There's lots of talk about the fact that iWork has lost a significant amount of features on the Mac. Many people attribute it to Apple being blind to the needs of pro users. I think the reason is far less condescending.
The phrase "the same file format for both Mac and iOS" is used on the pages for all three products. It was highlighted in Apple's keynote. It's important.
Without all versions of iWork using the same data format, true interoperability is impossible. In the previous versions of iWork you would lose some formatting & data when moving from Mac to iOS.

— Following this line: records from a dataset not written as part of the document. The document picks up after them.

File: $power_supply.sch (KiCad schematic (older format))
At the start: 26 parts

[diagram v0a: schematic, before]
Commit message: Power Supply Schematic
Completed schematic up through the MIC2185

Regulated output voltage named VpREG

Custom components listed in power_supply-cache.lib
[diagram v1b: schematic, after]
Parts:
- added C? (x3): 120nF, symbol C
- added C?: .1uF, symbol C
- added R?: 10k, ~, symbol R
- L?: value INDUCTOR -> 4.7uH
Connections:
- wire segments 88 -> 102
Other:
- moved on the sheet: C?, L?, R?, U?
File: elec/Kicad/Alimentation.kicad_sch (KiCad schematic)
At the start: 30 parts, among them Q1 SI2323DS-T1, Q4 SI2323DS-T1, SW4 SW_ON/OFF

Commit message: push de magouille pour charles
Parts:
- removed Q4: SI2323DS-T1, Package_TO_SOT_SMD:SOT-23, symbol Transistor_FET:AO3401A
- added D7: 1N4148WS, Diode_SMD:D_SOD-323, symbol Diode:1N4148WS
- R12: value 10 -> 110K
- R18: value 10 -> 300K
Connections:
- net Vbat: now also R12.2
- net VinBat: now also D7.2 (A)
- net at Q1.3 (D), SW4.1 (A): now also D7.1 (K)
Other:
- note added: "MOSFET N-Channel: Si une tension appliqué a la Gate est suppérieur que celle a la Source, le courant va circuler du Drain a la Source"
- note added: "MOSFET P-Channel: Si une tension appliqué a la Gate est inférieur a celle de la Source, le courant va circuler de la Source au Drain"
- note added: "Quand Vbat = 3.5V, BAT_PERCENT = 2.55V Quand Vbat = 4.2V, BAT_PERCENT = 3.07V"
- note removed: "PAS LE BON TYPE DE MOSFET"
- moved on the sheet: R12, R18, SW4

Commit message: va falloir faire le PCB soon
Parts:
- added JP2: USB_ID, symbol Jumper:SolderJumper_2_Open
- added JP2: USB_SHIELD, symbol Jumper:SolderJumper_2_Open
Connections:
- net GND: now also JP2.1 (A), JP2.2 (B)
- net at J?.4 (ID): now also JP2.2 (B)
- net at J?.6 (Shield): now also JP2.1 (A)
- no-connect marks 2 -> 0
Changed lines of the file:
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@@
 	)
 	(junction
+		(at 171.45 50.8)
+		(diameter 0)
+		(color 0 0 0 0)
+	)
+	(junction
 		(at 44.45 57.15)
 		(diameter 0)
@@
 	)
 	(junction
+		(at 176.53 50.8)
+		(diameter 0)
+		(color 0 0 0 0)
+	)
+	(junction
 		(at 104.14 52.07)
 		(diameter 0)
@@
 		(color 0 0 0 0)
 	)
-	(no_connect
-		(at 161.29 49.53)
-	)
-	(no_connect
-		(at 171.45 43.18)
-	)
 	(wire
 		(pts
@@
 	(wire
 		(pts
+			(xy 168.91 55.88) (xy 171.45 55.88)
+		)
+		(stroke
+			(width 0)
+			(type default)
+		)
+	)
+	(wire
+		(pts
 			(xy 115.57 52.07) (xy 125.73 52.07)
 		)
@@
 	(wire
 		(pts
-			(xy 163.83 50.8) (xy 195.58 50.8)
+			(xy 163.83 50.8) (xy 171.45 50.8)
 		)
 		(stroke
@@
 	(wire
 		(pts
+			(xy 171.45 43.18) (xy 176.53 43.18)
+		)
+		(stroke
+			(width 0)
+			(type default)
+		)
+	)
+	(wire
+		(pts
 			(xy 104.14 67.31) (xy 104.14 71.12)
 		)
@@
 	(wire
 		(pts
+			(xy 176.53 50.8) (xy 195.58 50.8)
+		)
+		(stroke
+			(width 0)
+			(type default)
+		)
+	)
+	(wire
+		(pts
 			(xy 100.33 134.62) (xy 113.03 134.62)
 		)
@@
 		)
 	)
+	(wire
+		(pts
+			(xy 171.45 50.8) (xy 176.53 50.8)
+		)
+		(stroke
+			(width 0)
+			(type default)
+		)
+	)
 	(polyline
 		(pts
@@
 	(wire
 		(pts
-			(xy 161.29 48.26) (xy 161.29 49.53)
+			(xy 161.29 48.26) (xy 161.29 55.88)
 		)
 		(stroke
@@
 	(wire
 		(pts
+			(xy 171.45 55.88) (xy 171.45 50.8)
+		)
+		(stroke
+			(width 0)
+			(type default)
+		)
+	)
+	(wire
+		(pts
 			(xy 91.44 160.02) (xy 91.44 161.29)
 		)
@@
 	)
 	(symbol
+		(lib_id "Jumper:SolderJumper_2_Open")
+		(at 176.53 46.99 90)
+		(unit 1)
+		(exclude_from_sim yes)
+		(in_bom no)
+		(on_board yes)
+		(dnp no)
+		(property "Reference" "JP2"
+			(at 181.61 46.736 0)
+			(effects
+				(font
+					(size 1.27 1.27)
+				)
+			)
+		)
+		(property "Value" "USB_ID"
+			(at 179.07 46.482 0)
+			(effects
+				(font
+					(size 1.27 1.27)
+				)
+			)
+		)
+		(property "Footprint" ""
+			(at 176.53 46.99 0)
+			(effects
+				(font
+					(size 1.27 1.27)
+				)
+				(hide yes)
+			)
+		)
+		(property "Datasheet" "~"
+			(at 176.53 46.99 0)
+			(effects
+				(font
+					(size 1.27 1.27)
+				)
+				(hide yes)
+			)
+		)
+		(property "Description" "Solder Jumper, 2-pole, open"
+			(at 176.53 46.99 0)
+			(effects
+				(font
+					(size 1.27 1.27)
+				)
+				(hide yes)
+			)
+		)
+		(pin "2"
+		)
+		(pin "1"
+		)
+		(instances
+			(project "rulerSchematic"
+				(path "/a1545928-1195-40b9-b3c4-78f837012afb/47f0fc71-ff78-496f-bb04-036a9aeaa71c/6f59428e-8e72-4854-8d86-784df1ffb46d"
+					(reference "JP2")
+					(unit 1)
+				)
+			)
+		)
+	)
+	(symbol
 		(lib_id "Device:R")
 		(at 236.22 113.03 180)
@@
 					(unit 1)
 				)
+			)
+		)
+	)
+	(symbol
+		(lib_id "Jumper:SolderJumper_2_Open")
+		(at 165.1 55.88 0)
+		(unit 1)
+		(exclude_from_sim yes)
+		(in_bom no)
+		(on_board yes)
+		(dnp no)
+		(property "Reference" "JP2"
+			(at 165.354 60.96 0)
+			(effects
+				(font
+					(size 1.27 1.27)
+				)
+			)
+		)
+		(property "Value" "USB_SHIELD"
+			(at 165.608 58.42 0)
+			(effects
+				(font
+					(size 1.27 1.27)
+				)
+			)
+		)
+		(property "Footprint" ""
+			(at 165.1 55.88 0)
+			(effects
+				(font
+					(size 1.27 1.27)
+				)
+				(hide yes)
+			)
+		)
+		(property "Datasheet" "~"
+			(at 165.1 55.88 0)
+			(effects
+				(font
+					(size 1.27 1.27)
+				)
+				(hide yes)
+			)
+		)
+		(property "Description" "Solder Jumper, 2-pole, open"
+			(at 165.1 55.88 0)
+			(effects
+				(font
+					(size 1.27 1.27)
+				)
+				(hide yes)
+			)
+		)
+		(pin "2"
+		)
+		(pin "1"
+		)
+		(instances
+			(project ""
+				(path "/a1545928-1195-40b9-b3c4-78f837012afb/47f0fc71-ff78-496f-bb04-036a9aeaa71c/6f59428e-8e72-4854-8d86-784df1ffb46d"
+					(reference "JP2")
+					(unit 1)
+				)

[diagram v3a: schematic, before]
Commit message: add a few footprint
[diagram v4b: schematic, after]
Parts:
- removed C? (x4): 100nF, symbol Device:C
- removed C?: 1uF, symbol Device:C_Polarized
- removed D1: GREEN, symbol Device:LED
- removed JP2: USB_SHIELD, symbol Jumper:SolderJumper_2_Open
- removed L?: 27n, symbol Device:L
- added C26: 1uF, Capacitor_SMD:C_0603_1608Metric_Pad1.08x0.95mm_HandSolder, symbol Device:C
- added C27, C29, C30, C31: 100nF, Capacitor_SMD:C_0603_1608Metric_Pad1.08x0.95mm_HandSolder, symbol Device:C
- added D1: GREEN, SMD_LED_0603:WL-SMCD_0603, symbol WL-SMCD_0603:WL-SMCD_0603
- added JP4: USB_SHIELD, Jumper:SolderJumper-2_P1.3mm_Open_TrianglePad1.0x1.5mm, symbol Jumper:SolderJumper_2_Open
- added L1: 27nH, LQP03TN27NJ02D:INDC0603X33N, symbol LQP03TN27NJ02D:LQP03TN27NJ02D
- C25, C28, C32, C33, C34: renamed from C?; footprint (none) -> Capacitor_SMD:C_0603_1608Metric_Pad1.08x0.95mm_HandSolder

When you create multiple apps that use the same data format, it is difficult, if not impossible, to prevent data loss when editing files unless you have feature parity between versions. To make up a fictional example, imagine that Pages on the Mac could include images in a document while the iOS version could not. What happens to the complex text wrapping around an image when you edit the document on the iPad? What happens to page layout, and links, and your table of contents, if large chunks of content are missing? You'd end up with serious formatting errors at best, or data loss at worse.
The fact that iWork on the Mac has lost functionality isn't because Apple is blind to power users. It's because they're willing to make a short-term sacrifice in functionality so that they can create a foundation that is equal across the Mac, iOS, and web versions. It will take time to bring these new versions of iWork up to parity with what the Mac used to have. In the meantime all platforms have to live with the lowest common denominator.
Whether this tradeoff is the right call is up for debate. As someone who uses iWork a decent amount, it's frustrating that the first update major new release in over 4 years is a regression in functionality. But if iWork is a key piece of Apple's software platform going forward, it's easy to see that interoperability across versions is an important baseline requirement for them. I just hope that they continue heavy development of the software and iterate quickly.
Caveat: this is all hypothesis based on my experience designing cross-platform software. I could be wrong.
Update: It was pointed out to me that the new iWork for Mac is not the first update to the software in over 4 years. There were many updates to iWork 09 over the years. The first "major new release" is more accurate.